[Start of Attachment]
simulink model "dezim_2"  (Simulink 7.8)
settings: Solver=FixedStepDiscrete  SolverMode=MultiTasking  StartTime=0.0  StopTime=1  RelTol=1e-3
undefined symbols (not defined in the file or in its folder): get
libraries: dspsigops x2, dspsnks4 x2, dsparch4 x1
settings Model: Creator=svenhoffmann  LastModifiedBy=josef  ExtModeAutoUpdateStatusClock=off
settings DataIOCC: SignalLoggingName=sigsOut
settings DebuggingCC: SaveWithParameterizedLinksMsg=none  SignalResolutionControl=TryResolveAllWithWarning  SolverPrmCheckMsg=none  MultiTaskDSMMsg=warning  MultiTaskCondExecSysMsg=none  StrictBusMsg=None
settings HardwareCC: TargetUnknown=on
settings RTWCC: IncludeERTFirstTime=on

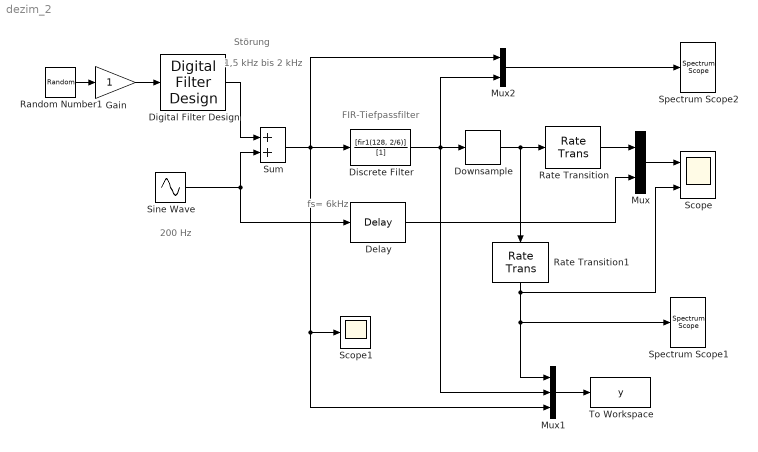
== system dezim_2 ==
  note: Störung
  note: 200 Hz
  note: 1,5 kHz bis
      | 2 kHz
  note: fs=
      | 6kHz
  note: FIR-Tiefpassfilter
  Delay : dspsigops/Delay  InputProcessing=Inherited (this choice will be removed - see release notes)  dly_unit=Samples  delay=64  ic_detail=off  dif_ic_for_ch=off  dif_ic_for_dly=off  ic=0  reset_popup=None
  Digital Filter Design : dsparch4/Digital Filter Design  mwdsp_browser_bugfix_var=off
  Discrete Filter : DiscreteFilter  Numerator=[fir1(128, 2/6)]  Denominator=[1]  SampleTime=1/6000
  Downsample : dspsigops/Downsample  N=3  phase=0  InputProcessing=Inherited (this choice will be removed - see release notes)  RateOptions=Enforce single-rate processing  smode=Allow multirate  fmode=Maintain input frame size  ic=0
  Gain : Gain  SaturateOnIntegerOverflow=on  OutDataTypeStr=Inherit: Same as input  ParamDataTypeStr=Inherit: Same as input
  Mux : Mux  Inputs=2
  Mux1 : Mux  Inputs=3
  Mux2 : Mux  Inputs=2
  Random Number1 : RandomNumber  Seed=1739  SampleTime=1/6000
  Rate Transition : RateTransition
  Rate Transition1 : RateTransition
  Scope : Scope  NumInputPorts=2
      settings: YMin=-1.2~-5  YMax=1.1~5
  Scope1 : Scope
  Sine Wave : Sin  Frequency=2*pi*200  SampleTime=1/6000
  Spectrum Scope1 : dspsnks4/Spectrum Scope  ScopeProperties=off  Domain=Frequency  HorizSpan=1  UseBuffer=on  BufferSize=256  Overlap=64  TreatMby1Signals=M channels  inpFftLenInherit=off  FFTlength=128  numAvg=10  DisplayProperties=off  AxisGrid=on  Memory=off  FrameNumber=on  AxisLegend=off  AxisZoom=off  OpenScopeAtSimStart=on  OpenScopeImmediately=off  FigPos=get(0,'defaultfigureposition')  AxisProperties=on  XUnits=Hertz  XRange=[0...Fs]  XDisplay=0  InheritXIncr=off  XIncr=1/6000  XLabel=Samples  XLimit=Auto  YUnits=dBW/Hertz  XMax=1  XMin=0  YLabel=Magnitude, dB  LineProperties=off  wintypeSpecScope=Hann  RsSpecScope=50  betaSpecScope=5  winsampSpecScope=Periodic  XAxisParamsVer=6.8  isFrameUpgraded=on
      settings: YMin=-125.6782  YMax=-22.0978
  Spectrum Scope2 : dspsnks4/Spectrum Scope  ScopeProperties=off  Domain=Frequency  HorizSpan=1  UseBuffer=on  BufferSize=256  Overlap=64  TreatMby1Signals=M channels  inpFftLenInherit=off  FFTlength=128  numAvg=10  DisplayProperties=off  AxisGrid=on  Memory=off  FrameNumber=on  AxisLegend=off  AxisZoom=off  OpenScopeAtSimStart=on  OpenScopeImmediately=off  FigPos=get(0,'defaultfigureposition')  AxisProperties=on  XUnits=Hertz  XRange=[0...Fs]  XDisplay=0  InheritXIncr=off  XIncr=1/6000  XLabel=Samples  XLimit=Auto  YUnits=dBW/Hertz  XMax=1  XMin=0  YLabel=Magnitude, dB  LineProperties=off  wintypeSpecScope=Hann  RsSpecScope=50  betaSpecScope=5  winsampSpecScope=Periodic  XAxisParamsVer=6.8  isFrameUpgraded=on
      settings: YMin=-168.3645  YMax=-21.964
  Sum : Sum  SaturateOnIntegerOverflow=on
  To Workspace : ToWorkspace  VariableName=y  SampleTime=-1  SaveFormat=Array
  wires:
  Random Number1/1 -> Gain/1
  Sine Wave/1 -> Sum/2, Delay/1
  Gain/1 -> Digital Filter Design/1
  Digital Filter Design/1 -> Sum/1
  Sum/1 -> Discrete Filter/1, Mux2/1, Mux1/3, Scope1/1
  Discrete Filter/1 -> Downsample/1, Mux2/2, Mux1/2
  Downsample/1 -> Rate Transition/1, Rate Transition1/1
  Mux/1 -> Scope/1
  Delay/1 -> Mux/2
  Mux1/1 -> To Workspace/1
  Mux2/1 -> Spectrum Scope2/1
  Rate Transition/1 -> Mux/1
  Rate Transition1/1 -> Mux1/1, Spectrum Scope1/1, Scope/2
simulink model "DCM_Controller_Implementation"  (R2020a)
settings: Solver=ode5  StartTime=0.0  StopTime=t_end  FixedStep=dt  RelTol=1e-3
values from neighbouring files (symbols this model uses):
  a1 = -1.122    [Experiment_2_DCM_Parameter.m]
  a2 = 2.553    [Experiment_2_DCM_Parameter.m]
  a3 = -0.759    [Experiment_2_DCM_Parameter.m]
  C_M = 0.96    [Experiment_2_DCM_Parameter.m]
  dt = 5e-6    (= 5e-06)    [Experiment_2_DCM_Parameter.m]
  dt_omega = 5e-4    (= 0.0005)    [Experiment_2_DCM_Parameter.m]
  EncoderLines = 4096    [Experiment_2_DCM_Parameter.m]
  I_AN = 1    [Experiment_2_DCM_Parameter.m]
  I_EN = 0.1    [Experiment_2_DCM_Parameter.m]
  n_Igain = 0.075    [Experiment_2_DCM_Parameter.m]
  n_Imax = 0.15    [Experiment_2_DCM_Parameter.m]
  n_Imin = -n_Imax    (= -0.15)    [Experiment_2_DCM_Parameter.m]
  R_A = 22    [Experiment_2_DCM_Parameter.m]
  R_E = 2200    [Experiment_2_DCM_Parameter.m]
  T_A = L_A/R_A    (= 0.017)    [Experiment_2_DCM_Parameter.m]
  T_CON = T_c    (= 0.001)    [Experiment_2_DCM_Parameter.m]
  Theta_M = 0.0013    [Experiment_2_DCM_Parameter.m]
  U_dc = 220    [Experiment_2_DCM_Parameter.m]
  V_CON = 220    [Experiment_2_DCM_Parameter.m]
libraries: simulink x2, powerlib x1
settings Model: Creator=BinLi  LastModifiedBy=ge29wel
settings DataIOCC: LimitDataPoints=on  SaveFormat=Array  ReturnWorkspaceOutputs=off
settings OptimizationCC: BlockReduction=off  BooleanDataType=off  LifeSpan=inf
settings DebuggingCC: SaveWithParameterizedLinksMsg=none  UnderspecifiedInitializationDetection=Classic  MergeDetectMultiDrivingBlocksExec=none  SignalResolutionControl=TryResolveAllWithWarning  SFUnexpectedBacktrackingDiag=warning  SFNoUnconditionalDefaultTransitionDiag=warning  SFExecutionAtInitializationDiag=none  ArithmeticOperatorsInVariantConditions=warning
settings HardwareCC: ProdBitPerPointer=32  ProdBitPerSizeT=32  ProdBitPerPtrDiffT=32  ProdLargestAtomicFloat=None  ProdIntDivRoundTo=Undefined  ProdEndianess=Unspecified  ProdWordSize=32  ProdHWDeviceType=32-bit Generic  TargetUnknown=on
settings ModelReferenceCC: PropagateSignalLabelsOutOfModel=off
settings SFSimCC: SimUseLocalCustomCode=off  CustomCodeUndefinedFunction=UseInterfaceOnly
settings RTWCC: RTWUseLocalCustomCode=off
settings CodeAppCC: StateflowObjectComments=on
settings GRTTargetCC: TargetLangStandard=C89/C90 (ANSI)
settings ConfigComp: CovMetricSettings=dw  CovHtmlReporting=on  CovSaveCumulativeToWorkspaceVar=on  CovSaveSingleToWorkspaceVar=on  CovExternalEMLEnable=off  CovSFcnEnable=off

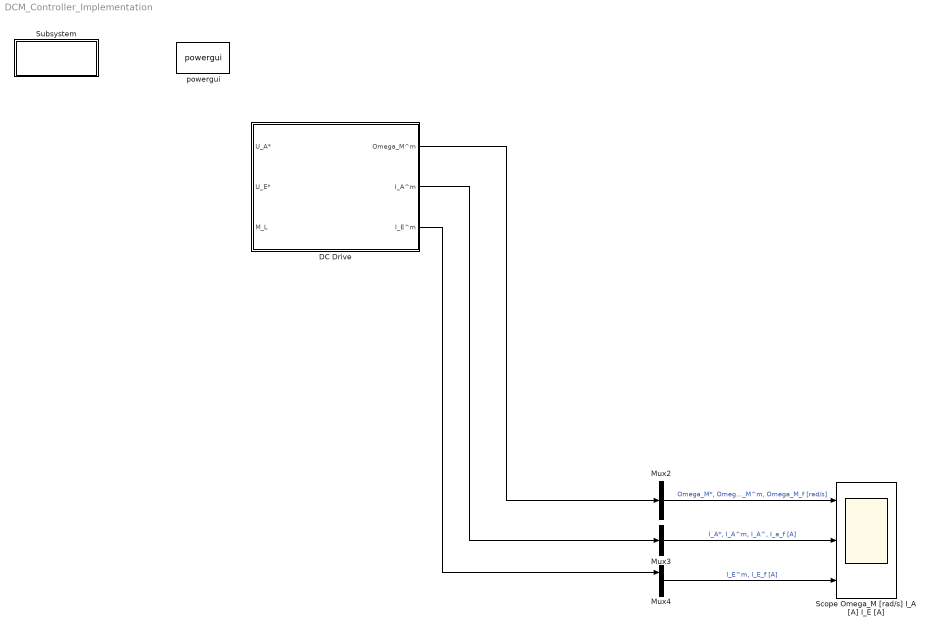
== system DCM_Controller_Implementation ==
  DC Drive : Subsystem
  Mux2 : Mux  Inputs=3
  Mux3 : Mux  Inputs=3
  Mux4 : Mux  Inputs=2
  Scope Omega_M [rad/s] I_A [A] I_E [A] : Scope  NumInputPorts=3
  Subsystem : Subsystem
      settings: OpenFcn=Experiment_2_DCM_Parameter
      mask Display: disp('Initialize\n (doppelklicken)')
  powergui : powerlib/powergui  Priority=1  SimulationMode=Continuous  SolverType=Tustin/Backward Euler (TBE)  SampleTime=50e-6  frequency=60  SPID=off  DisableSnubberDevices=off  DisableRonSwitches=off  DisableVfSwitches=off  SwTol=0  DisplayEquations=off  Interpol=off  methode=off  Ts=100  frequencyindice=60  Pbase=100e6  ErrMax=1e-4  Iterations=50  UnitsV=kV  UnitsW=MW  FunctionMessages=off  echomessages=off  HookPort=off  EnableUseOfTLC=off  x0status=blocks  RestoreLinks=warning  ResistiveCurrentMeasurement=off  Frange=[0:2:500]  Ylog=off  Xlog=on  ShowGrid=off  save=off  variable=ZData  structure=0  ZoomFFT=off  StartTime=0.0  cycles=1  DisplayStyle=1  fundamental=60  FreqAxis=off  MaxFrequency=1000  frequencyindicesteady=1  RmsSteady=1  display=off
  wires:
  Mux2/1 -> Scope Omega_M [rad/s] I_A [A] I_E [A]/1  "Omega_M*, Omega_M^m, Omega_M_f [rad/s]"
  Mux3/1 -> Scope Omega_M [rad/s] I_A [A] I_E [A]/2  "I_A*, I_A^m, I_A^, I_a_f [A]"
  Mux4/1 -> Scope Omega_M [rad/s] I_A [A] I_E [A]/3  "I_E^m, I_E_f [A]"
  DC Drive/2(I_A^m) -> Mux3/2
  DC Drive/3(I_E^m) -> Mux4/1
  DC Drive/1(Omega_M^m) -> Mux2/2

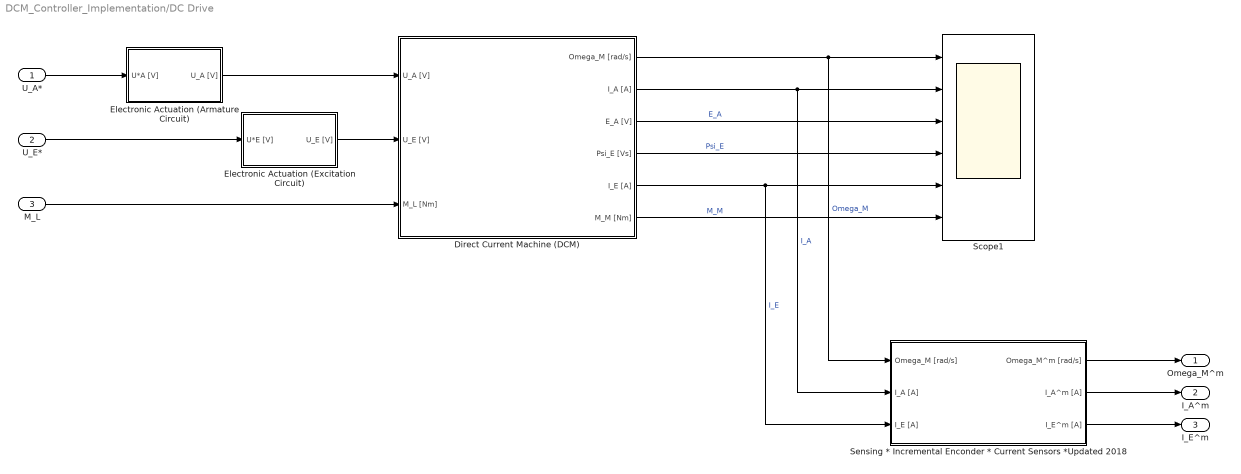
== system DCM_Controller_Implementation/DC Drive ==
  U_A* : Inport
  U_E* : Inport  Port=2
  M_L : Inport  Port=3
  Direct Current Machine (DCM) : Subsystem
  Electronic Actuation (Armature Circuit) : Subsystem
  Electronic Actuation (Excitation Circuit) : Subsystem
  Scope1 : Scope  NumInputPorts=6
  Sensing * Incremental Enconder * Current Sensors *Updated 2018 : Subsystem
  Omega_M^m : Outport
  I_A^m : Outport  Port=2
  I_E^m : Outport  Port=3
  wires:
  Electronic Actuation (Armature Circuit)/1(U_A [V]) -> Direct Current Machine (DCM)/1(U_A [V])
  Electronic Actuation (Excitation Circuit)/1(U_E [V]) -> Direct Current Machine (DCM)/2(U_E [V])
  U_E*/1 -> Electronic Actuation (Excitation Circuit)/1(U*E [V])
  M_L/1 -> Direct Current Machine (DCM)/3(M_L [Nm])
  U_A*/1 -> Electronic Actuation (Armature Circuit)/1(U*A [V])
[End of Attachment]
The answer must consist of every line above that contains the word "simulink".

THE ANSWER ▸
simulink model "dezim_2"  (Simulink 7.8)
simulink model "DCM_Controller_Implementation"  (R2020a)
libraries: simulink x2, powerlib x1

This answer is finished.